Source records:
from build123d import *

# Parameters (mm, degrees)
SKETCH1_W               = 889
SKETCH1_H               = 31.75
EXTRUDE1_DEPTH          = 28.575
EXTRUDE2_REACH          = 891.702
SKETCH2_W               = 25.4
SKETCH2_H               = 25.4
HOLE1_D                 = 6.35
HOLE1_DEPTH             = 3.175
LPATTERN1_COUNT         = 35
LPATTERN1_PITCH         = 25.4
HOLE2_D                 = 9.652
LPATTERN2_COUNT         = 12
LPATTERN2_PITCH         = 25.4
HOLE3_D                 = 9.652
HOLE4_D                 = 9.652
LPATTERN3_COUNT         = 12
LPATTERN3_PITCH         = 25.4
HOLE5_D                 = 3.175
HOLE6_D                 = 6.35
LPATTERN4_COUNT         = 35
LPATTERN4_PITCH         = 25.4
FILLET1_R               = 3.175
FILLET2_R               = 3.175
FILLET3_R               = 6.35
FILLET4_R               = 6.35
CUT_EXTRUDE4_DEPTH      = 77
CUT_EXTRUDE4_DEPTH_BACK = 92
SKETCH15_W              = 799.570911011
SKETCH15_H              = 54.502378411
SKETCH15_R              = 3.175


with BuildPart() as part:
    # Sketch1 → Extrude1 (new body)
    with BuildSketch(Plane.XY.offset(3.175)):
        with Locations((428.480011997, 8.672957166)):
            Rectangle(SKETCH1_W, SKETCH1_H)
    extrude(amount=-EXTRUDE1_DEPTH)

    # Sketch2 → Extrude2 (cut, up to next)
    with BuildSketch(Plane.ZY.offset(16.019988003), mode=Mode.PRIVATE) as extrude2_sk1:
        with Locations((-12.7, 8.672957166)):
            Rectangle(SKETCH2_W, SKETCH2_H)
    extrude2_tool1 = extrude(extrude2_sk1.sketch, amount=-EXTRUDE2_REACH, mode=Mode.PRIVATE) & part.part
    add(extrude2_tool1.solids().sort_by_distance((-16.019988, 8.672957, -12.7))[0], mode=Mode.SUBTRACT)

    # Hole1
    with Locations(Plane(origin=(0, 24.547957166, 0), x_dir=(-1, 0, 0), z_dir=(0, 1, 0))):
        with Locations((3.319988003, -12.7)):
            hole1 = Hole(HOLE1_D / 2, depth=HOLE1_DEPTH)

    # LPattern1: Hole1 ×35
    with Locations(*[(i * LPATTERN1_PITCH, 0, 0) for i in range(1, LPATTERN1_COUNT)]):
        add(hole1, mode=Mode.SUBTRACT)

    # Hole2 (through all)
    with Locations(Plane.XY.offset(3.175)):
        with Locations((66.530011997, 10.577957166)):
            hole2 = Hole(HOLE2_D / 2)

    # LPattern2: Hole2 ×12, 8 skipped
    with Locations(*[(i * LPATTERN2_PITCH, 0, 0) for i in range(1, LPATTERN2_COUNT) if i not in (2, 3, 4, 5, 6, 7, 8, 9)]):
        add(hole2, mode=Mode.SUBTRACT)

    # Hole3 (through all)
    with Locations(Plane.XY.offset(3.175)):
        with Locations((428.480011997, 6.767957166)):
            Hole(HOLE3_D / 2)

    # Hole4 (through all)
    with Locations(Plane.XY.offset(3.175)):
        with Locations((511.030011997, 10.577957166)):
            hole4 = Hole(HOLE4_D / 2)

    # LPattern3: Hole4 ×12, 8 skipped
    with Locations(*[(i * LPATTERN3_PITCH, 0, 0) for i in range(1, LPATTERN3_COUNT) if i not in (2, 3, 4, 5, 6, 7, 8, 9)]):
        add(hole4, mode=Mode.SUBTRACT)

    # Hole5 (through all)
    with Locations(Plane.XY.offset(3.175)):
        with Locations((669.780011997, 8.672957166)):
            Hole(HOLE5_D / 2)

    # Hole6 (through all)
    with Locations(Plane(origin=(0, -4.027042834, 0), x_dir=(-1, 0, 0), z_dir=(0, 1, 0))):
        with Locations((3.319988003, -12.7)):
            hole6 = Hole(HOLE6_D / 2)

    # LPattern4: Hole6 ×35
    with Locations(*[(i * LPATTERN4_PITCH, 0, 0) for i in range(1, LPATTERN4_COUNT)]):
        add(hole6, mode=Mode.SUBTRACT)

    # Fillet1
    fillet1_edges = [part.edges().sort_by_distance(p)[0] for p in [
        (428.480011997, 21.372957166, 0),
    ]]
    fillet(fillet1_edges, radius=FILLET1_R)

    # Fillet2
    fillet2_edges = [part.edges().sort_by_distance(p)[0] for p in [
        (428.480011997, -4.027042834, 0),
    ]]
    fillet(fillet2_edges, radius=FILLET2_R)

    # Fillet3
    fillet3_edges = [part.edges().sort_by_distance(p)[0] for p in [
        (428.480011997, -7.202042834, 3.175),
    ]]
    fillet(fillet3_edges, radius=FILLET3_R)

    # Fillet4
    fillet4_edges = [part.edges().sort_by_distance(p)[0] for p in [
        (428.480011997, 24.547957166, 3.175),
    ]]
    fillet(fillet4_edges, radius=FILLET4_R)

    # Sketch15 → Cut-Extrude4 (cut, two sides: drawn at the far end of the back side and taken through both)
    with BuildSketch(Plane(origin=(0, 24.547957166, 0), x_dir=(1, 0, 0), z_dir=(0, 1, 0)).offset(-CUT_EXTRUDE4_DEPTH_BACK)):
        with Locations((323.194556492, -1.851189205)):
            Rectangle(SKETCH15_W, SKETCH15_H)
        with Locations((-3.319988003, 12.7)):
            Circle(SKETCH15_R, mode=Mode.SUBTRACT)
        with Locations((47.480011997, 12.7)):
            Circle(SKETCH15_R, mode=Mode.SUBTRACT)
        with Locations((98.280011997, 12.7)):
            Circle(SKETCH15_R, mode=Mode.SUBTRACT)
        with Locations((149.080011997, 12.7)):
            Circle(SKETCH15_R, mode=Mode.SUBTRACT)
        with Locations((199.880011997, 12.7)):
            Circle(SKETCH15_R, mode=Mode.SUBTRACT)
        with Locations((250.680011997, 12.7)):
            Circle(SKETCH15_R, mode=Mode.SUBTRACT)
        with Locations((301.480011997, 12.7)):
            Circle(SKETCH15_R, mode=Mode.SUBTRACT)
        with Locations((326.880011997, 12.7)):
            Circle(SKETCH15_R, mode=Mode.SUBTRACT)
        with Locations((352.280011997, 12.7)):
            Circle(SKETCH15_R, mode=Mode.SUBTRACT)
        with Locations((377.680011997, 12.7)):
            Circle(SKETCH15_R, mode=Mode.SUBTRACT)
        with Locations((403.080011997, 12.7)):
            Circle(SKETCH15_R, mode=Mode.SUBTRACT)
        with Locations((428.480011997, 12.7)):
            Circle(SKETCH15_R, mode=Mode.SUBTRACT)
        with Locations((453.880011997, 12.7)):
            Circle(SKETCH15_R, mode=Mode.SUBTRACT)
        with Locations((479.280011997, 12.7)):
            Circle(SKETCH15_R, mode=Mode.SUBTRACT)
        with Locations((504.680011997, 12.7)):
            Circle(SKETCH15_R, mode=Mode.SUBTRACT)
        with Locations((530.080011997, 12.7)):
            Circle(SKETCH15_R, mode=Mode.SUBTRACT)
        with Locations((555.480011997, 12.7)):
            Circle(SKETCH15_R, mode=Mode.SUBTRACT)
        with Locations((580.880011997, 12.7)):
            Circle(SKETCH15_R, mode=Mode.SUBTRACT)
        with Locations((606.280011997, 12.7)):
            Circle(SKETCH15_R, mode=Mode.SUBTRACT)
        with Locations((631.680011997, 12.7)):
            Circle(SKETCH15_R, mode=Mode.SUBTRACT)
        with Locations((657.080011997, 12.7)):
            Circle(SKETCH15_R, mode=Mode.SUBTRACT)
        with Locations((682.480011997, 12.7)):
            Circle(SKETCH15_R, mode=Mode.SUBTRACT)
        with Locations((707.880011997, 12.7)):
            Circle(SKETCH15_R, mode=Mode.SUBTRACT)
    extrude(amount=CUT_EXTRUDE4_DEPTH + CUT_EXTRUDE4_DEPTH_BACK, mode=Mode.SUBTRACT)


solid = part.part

◆ WHAT THIS TASK INVOLVES:
For every line above that includes the string "part", copy the line.

◆ WRITTEN ANSWER:
with BuildPart() as part:
    extrude2_tool1 = extrude(extrude2_sk1.sketch, amount=-EXTRUDE2_REACH, mode=Mode.PRIVATE) & part.part
    fillet1_edges = [part.edges().sort_by_distance(p)[0] for p in [
    fillet2_edges = [part.edges().sort_by_distance(p)[0] for p in [
    fillet3_edges = [part.edges().sort_by_distance(p)[0] for p in [
    fillet4_edges = [part.edges().sort_by_distance(p)[0] for p in [
solid = part.part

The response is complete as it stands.